Tens of thousands of Wisconsin businesses received help in recent months in the form of forgivable loans backed by the federal government, but some local experts said many of the businesses most vulnerable to the pandemic’s economic impacts were left out.
The Paycheck Protection Program, which was authorized by Congress in the spring, awarded about 85,000 loans to Wisconsin-based businesses or self-employed Wisconsinites. Most businesses that met the federal definition of a “small business” — 500 or fewer employees — and also claimed economic uncertainty were eligible. Many prominent area businesses such as EatStreet, Gorman & Co., Madison Property Management and Pellitteri Waste Systems secured $1 million or more in taxpayer-backed loans, according to records released this month.
The federal Small Business Administration named companies that secured more than $150,000 in PPP loans while the recipients of hundreds of thousands of loans under $150,000 remain secret.
Congress this month has been working on another relief package as many of the provisions from the Coronavirus Aid, Relief and Economic Security (CARES) Act expire at the end of July. It’s still unclear what a new relief bill would look like and what provisions it would have for businesses and workers.
The program routed money to businesses through banks by guaranteeing the federal government would pay back those loans if the businesses defaulted, and businesses could also have their loans forgiven if they met certain criteria relating to how the money was spent — particularly the amount used for employee paychecks.
Critics say the decision to route the money through banks — which lawmakers said would be quicker than creating a full system through a governmental entity — gave larger businesses a leg up in securing this funding because they had existing relationships with banks or a team of accountants to manage the application process. The smallest businesses had more difficulty jumping through the hoops.
UW-Extension’s Steven Deller said the larger businesses and those with connections — either through previous enterprises or through seasoned investors — could more easily get private loans, if they were needed. Small businesses, which he defined as only having about a dozen employees, wouldn’t have as easy a time.
“The big businesses have the wherewithal to do this on their own,” Deller said. “The small businesses are the ones that need the help.”
Sea of red tape
MadREP president Paul Jadin said running the program through the banks got the money out to businesses quickly, but it got that money to businesses that had the staffing and know-how to manage complex financial systems. Not all of the businesses that were struggling to pay their employees had those skills.
“We had companies call us and say, ‘We just gave up,’” Jadin said.
“I think it was too big of a hurdle to handle that banking process, then that grant process, then that accounting process.”
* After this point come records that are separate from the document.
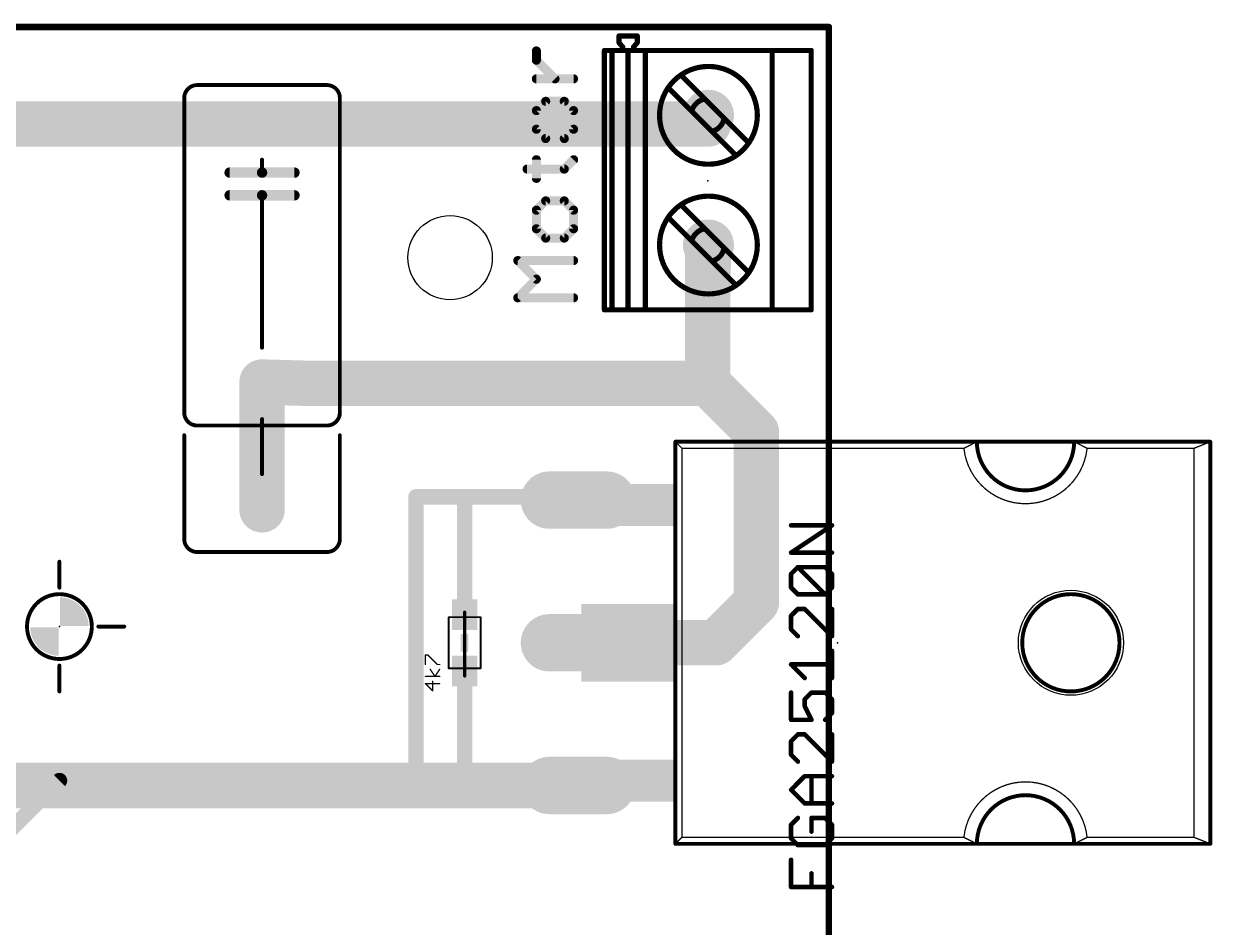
# Model space of a CAD drawing. Extents: x 0 to 165, y -10 to 137.
# Drawn here: x 117.67 to 164.22, y 101.26 to 136.64 of the extents above; entities that cross this region are included whole.
import ezdxf

# ---------------------------------------------------------------- set-up
doc = ezdxf.new("R2010")
doc.units = 0
for name, color, linetype in [('1', 14, 'CONTINUOUS'), ('16', 174, 'CONTINUOUS'), ('17', 94, 'CONTINUOUS'), ('20', 178, 'CONTINUOUS'), ('21', 251, 'CONTINUOUS'), ('23', 178, 'CONTINUOUS'), ('27', 251, 'CONTINUOUS'), ('51', 251, 'CONTINUOUS')]:
    doc.layers.add(name, color=color, linetype=linetype)

# ---------------------------------------------------------------- blocks, each defined once
blk = doc.blocks.new('RECT')
blk.add_solid([(-0.5, -0.5), (0.5, -0.5), (-0.5, 0.5), (0.5, 0.5)])
blk = doc.blocks.new('LONGP100')
at = {"const_width": 1}
blk.add_lwpolyline([(-0.5, 0), (0.5, 0)], dxfattribs=at)
at = {"const_width": 0.5}
for points in [[(-0.5, 0.25, 1), (-0.5, -0.25)], [(0.5, -0.25, 1), (0.5, 0.25)]]:
    blk.add_lwpolyline(points, format="xyb", dxfattribs=at)
blk = doc.blocks.new('ROUNDP')
at = {"const_width": 0.5}
blk.add_lwpolyline([(0, -0.25, 1), (0, 0.25, 1), (0, -0.25)], format="xyb", dxfattribs=at)
blk = doc.blocks.new('OCTAGONP')
at = {"const_width": 0.5}
blk.add_lwpolyline([(-0.25, -0.1036), (-0.25, 0.1036), (-0.1036, 0.25), (0.1036, 0.25), (0.25, 0.1036), (0.25, -0.1036), (0.1036, -0.25), (-0.1036, -0.25), (-0.25, -0.1036), (-0.25, 0.1036)], dxfattribs=at)

msp = doc.modelspace()

# ---------------------------------------------------------------- linework, layer by layer
at = {"layer": '1'}
for points, const_width in [([(137.7472, 135.2121), (137.7472, 135.5765)], 0.3556), ([(138.4759, 134.4834), (137.7472, 135.2121)], 0.3556), ([(139.2047, 134.4834), (137.7472, 134.4834)], 0.3556), ([(138.1116, 133.6021), (137.7472, 133.2377)], 0.3556), ([(138.8403, 133.6021), (138.1116, 133.6021)], 0.3556), ([(139.2047, 133.2377), (138.8403, 133.6021)], 0.3556), ([(137.7472, 133.2377), (137.7472, 132.509)], 0.3556), ([(139.2047, 132.509), (139.2047, 133.2377)], 0.3556), ([(137.7472, 132.509), (138.1116, 132.1446)], 0.3556), ([(138.1116, 132.1446), (138.8403, 132.1446)], 0.3556), ([(138.8403, 132.1446), (139.2047, 132.509)], 0.3556), ([(137.7472, 130.5854), (137.7472, 131.3141)], 0.3556), ([(138.8403, 130.9498), (139.2047, 131.3141)], 0.3556), ([(137.3828, 130.9498), (138.8403, 130.9498)], 0.3556), ([(138.1116, 129.7041), (137.7472, 129.3397)], 0.3556), ([(137.7472, 129.3397), (137.7472, 128.611)], 0.3556), ([(138.8403, 129.7041), (138.1116, 129.7041)], 0.3556), ([(139.2047, 129.3397), (138.8403, 129.7041)], 0.3556), ([(139.2047, 128.611), (139.2047, 129.3397)], 0.3556), ([(137.7472, 128.611), (138.1116, 128.2466)], 0.3556), ([(138.8403, 128.2466), (139.2047, 128.611)], 0.3556), ([(138.1116, 128.2466), (138.8403, 128.2466)], 0.3556), ([(137.7472, 126.6366), (137.0184, 127.3653)], 0.3556), ([(137.0184, 127.3653), (139.2047, 127.3653)], 0.3556), ([(137.0184, 125.9078), (137.7472, 126.6366)], 0.3556), ([(139.2047, 125.9078), (137.0184, 125.9078)], 0.3556), ([(133.0325, 118.11), (133.0325, 106.9975)], 0.6096), ([(134.9375, 118.11), (133.0325, 118.11)], 0.6096), ([(139.3825, 118.11), (134.9375, 118.11)], 0.6096), ([(134.9375, 118.11), (134.9375, 113.495)], 0.6096), ([(139.3825, 117.983), (139.3825, 118.11)], 0.6096), ([(119.0625, 115.57), (119.0625, 114.554)], 0.1524), ([(121.6025, 113.03), (120.5865, 113.03)], 0.1524), ([(119.0625, 110.49), (119.0625, 111.506)], 0.1524), ([(134.9375, 106.807), (134.9375, 111.295)], 0.6096), ([(119.0625, 106.9975), (114.3, 102.235)], 0.6096), ([(133.0325, 106.9975), (119.0625, 106.9975)], 0.6096), ([(139.3825, 106.807), (134.9375, 106.807)], 0.6096)]:
    msp.add_lwpolyline(points, dxfattribs=dict(at, const_width=const_width))
for points, const_width in [([(137.8361, 135.5765, 1), (137.6583, 135.5765)], 0.1778), ([(137.8101, 135.275, 1), (137.6843, 135.1493)], 0.1778), ([(137.6583, 135.2121, 1), (137.8361, 135.2121)], 0.1778), ([(137.7472, 134.5723, 1), (137.7472, 134.3945)], 0.1778), ([(138.4131, 134.4205, 1), (138.5388, 134.5462)], 0.1778), ([(139.2047, 134.3945, 1), (139.2047, 134.5723)], 0.1778), ([(138.1116, 133.691, 1), (138.1116, 133.5132)], 0.1778), ([(138.1744, 133.5392, 1), (138.0487, 133.665)], 0.1778), ([(138.9032, 133.665, 1), (138.7775, 133.5392)], 0.1778), ([(138.8403, 133.5132, 1), (138.8403, 133.691)], 0.1778), ([(137.8361, 133.2377, 1), (137.6583, 133.2377)], 0.1778), ([(137.6843, 133.3006, 1), (137.8101, 133.1749)], 0.1778), ([(139.2936, 133.2377, 1), (139.1158, 133.2377)], 0.1778), ([(139.1418, 133.1749, 1), (139.2676, 133.3006)], 0.1778), ([(137.8101, 132.5718, 1), (137.6843, 132.4461)], 0.1778), ([(137.6583, 132.509, 1), (137.8361, 132.509)], 0.1778), ([(138.1116, 132.2335, 1), (138.1116, 132.0557)], 0.1778), ([(138.0487, 132.0817, 1), (138.1744, 132.2075)], 0.1778), ([(138.7775, 132.2075, 1), (138.9032, 132.0817)], 0.1778), ([(138.8403, 132.0557, 1), (138.8403, 132.2335)], 0.1778), ([(139.1158, 132.509, 1), (139.2936, 132.509)], 0.1778), ([(139.2676, 132.4461, 1), (139.1418, 132.5718)], 0.1778), ([(137.8361, 131.3141, 1), (137.6583, 131.3141)], 0.1778), ([(139.2676, 131.2513, 1), (139.1418, 131.377)], 0.1778), ([(137.3828, 131.0387, 1), (137.3828, 130.8609)], 0.1778), ([(138.7775, 131.0126, 1), (138.9032, 130.8869)], 0.1778), ([(138.8403, 130.8609, 1), (138.8403, 131.0387)], 0.1778), ([(137.6583, 130.5854, 1), (137.8361, 130.5854)], 0.1778), ([(137.8361, 129.3397, 1), (137.6583, 129.3397)], 0.1778), ([(137.6843, 129.4026, 1), (137.8101, 129.2769)], 0.1778), ([(138.1116, 129.793, 1), (138.1116, 129.6152)], 0.1778), ([(138.1744, 129.6412, 1), (138.0487, 129.767)], 0.1778), ([(138.9032, 129.767, 1), (138.7775, 129.6412)], 0.1778), ([(138.8403, 129.6152, 1), (138.8403, 129.793)], 0.1778), ([(139.2936, 129.3397, 1), (139.1158, 129.3397)], 0.1778), ([(139.1418, 129.2769, 1), (139.2676, 129.4026)], 0.1778), ([(137.8101, 128.6738, 1), (137.6843, 128.5481)], 0.1778), ([(137.6583, 128.611, 1), (137.8361, 128.611)], 0.1778), ([(139.1158, 128.611, 1), (139.2936, 128.611)], 0.1778), ([(139.2676, 128.5481, 1), (139.1418, 128.6738)], 0.1778), ([(138.1116, 128.3355, 1), (138.1116, 128.1577)], 0.1778), ([(138.0487, 128.1837, 1), (138.1744, 128.3095)], 0.1778), ([(138.7775, 128.3095, 1), (138.9032, 128.1837)], 0.1778), ([(138.8403, 128.1577, 1), (138.8403, 128.3355)], 0.1778), ([(137.0813, 127.4282, 1), (136.9556, 127.3024)], 0.1778), ([(137.0184, 127.4542, 1), (137.0184, 127.2764)], 0.1778), ([(139.2047, 127.2764, 1), (139.2047, 127.4542)], 0.1778), ([(137.8101, 126.5737, 1), (137.6843, 126.6994)], 0.1778), ([(137.6843, 126.5737, 1), (137.8101, 126.6994)], 0.1778), ([(137.0184, 125.9967, 1), (137.0184, 125.8189)], 0.1778), ([(136.9556, 125.9707, 1), (137.0813, 125.8449)], 0.1778), ([(139.2047, 125.8189, 1), (139.2047, 125.9967)], 0.1778), ([(133.1849, 118.11, 1), (132.8801, 118.11)], 0.3048), ([(133.0325, 118.2624, 1), (133.0325, 117.9576)], 0.3048), ([(134.9375, 118.2624, 1), (134.9375, 117.9576)], 0.3048), ([(135.0899, 118.11, 1), (134.7851, 118.11)], 0.3048), ([(134.9375, 117.9576, 1), (134.9375, 118.2624)], 0.3048), ([(139.5349, 118.11, 1), (139.2301, 118.11)], 0.3048), ([(139.3825, 117.9576, 1), (139.3825, 118.2624)], 0.3048), ([(139.2301, 117.983, 1), (139.5349, 117.983)], 0.3048), ([(119.1006, 115.57, 1), (119.0244, 115.57)], 0.0762), ([(119.0244, 114.554, 1), (119.1006, 114.554)], 0.0762), ([(119.0625, 111.76, 1), (119.0625, 114.3, 1), (119.0625, 111.76)], 0.1524), ([(119.6467, 113.0554, 0.4142), (119.0879, 113.6142)], 1.1176), ([(134.7851, 113.495, 1), (135.0899, 113.495)], 0.3048), ([(118.4783, 113.0046, 0.4142), (119.0371, 112.4458)], 1.1176), ([(120.5865, 113.0681, 1), (120.5865, 112.9919)], 0.0762), ([(121.6025, 112.9919, 1), (121.6025, 113.0681)], 0.0762), ([(119.1006, 111.506, 1), (119.0244, 111.506)], 0.0762), ([(135.0899, 111.295, 1), (134.7851, 111.295)], 0.3048), ([(119.0244, 110.49, 1), (119.1006, 110.49)], 0.0762), ([(119.0625, 107.1499, 1), (119.0625, 106.8451)], 0.3048), ([(119.1703, 106.8897, 1), (118.9547, 107.1053)], 0.3048), ([(132.8801, 106.9975, 1), (133.1849, 106.9975)], 0.3048), ([(133.0325, 106.8451, 1), (133.0325, 107.1499)], 0.3048), ([(134.9375, 106.9594, 1), (134.9375, 106.6546)], 0.3048), ([(139.3825, 106.6546, 1), (139.3825, 106.9594)], 0.3048), ([(134.7851, 106.807, 1), (135.0899, 106.807)], 0.3048)]:
    msp.add_lwpolyline(points, format="xyb", dxfattribs=dict(at, const_width=const_width))
at = {"layer": '16'}
for points, const_width in [([(144.4875, 132.715), (144.4875, 133.0536)], 1.778), ([(127, 132.715), (110.8845, 132.715)], 1.778), ([(127, 132.715), (144.4875, 132.715)], 1.778), ([(144.4625, 126.0686), (144.4875, 127.9736)], 1.778), ([(144.4875, 127.9736), (144.4625, 127.9736)], 1.778), ([(144.4625, 126.0686), (144.4625, 127.9736)], 1.778), ([(144.4625, 122.555), (144.4625, 126.0686)], 1.778), ([(127, 122.6087), (127, 117.602)], 1.778), ([(128.8513, 122.555), (127, 122.6087)], 1.778), ([(127, 117.602), (127, 122.555)], 1.778), ([(144.4625, 122.555), (128.8513, 122.555)], 1.778), ([(146.3675, 120.65), (144.4625, 122.555)], 1.778), ([(146.3675, 113.9825), (146.3675, 120.65)], 1.778), ([(119.0625, 115.57), (119.0625, 114.554)], 0.1524), ([(144.78, 112.395), (146.3675, 113.9825)], 1.778), ([(144.78, 112.395), (139.3825, 112.395)], 1.778), ([(121.6025, 113.03), (120.5865, 113.03)], 0.1524), ([(119.0625, 110.49), (119.0625, 111.506)], 0.1524), ([(83.5025, 106.807), (139.3825, 106.807)], 1.778)]:
    msp.add_lwpolyline(points, dxfattribs=dict(at, const_width=const_width))
for points, const_width in [([(144.932, 133.0536, 1), (144.043, 133.0536)], 0.889), ([(127, 133.1595, 1), (127, 132.2705)], 0.889), ([(127, 132.2705, 1), (127, 133.1595)], 0.889), ([(144.043, 132.715, 1), (144.932, 132.715)], 0.889), ([(144.4875, 132.2705, 1), (144.4875, 133.1595)], 0.889), ([(144.4625, 128.4181, 1), (144.4625, 127.5291)], 0.889), ([(144.907, 127.9736, 1), (144.018, 127.9736)], 0.889), ([(144.932, 127.9678, 1), (144.043, 127.9794)], 0.889), ([(144.4875, 127.5291, 1), (144.4875, 128.4181)], 0.889), ([(144.907, 126.0686, 1), (144.018, 126.0686)], 0.889), ([(144.018, 126.0744, 1), (144.907, 126.0628)], 0.889), ([(144.018, 126.0686, 1), (144.907, 126.0686)], 0.889), ([(127.4445, 122.6087, 1), (126.5555, 122.6087)], 0.889), ([(127.0129, 123.053, 1), (126.9871, 122.1644)], 0.889), ([(127.4445, 122.555, 1), (126.5555, 122.555)], 0.889), ([(128.8513, 122.9995, 1), (128.8513, 122.1105)], 0.889), ([(128.8384, 122.1107, 1), (128.8642, 122.9993)], 0.889), ([(144.7768, 122.8693, 1), (144.1482, 122.2407)], 0.889), ([(144.4625, 122.1105, 1), (144.4625, 122.9995)], 0.889), ([(144.018, 122.555, 1), (144.907, 122.555)], 0.889), ([(146.812, 120.65, 1), (145.923, 120.65)], 0.889), ([(146.0532, 120.3357, 1), (146.6818, 120.9643)], 0.889), ([(126.5555, 117.602, 1), (127.4445, 117.602)], 0.889), ([(126.5555, 117.602, 1), (127.4445, 117.602)], 0.889), ([(119.1006, 115.57, 1), (119.0244, 115.57)], 0.0762), ([(119.0244, 114.554, 1), (119.1006, 114.554)], 0.0762), ([(146.6818, 113.6682, 1), (146.0532, 114.2968)], 0.889), ([(119.0625, 111.76, 1), (119.0625, 114.3, 1), (119.0625, 111.76)], 0.1524), ([(119.6467, 113.0554, 0.4142), (119.0879, 113.6142)], 1.1176), ([(145.923, 113.9825, 1), (146.812, 113.9825)], 0.889), ([(118.4783, 113.0046, 0.4142), (119.0371, 112.4458)], 1.1176), ([(139.3825, 112.8395, 1), (139.3825, 111.9505)], 0.889), ([(144.4657, 112.7093, 1), (145.0943, 112.0807)], 0.889), ([(144.78, 111.9505, 1), (144.78, 112.8395)], 0.889), ([(120.5865, 113.0681, 1), (120.5865, 112.9919)], 0.0762), ([(121.6025, 112.9919, 1), (121.6025, 113.0681)], 0.0762), ([(119.1006, 111.506, 1), (119.0244, 111.506)], 0.0762), ([(119.0244, 110.49, 1), (119.1006, 110.49)], 0.0762), ([(139.3825, 106.3625, 1), (139.3825, 107.2515)], 0.889)]:
    msp.add_lwpolyline(points, format="xyb", dxfattribs=dict(at, const_width=const_width))
at = {"layer": '20', "const_width": 0.254}
for points in [[(149.205, 136.5125), (0, 136.5125)], [(149.205, 0), (149.205, 136.5125)]]:
    msp.add_lwpolyline(points, dxfattribs=at)
at = {"layer": '20', "const_width": 0.127}
for points in [[(149.2685, 136.5125, 1), (149.1415, 136.5125)], [(149.205, 136.449, 1), (149.205, 136.576)]]:
    msp.add_lwpolyline(points, format="xyb", dxfattribs=at)
at = {"layer": '20'}
for centre, radius in [((134.3675, 127.48), 1.65), ((158.6865, 112.395), 2.0574)]:
    msp.add_circle(centre, radius, dxfattribs=at)
at = {"layer": '21'}
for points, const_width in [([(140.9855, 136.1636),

The program awards fees to the financial institutions that administered the loans, which Deller said could have incentivized banks to prioritize larger businesses with receiving larger loans.
Even though the fees were stepped at 5% for loans under $350,000, 3% for loans between $350,000 and $2 million and 1% for loans between $2 million and $10 million, larger loans would still see a bigger profit. One percent of $2 million is $20,000 while 5% of $350,000 is $17,500.
“If they have a choice to work with five larger businesses versus 50 small businesses, they’re going to choose the five,” Deller said.
Eye on investors
Dozens of Wisconsin-based companies backed by deep-pocketed investors also took in money from the program and may be eligible for forgiveness on the loan, but the program was ultimately intended to keep people employed at their current jobs, not specifically to keep small businesses afloat.
Keeping existing employment numbers steady at companies allows workers to keep existing income and reduces costs for companies down the line if they had to hire new employees after a round of layoffs, said Mike Minnis, a professor at the University of Chicago Booth School of Business.
“It was, I think, really a balancing act between trying to target specifically where this was needed with probably over-allocating funds and having some funds end up in places where probably they weren’t needed as much,” Minnis said.
Late last year, Fetch Rewards, a Madison-based software developer that created an app to help people earn rewards for grocery purchases, brought in $25 million in investments from venture capital firms and others. They received between $1 million and $2 million from the program.
“We’ve poured our hearts into building a great company headquartered here in Madison, and when presented with a way to ensure we could keep all of our great employees onboard during such uncertainty, we owed it to our employees to seek that out,” CEO Wes Schroll said.
SHINE Medical Technologies, based in Janesville, also received between $1 million and $2 million from the program. They also raised more funding through equity investments last year — $132 million.
“We used the money to pay our employees’ salaries and provide for their benefits, which kept our business on track despite difficult economic conditions,” the company said in a statement.
Both Deller and Jadin said whatever comes next from Congress to help small businesses, the programs should be designed to be accessible to the smallest businesses and those hit hardest economically by the pandemic.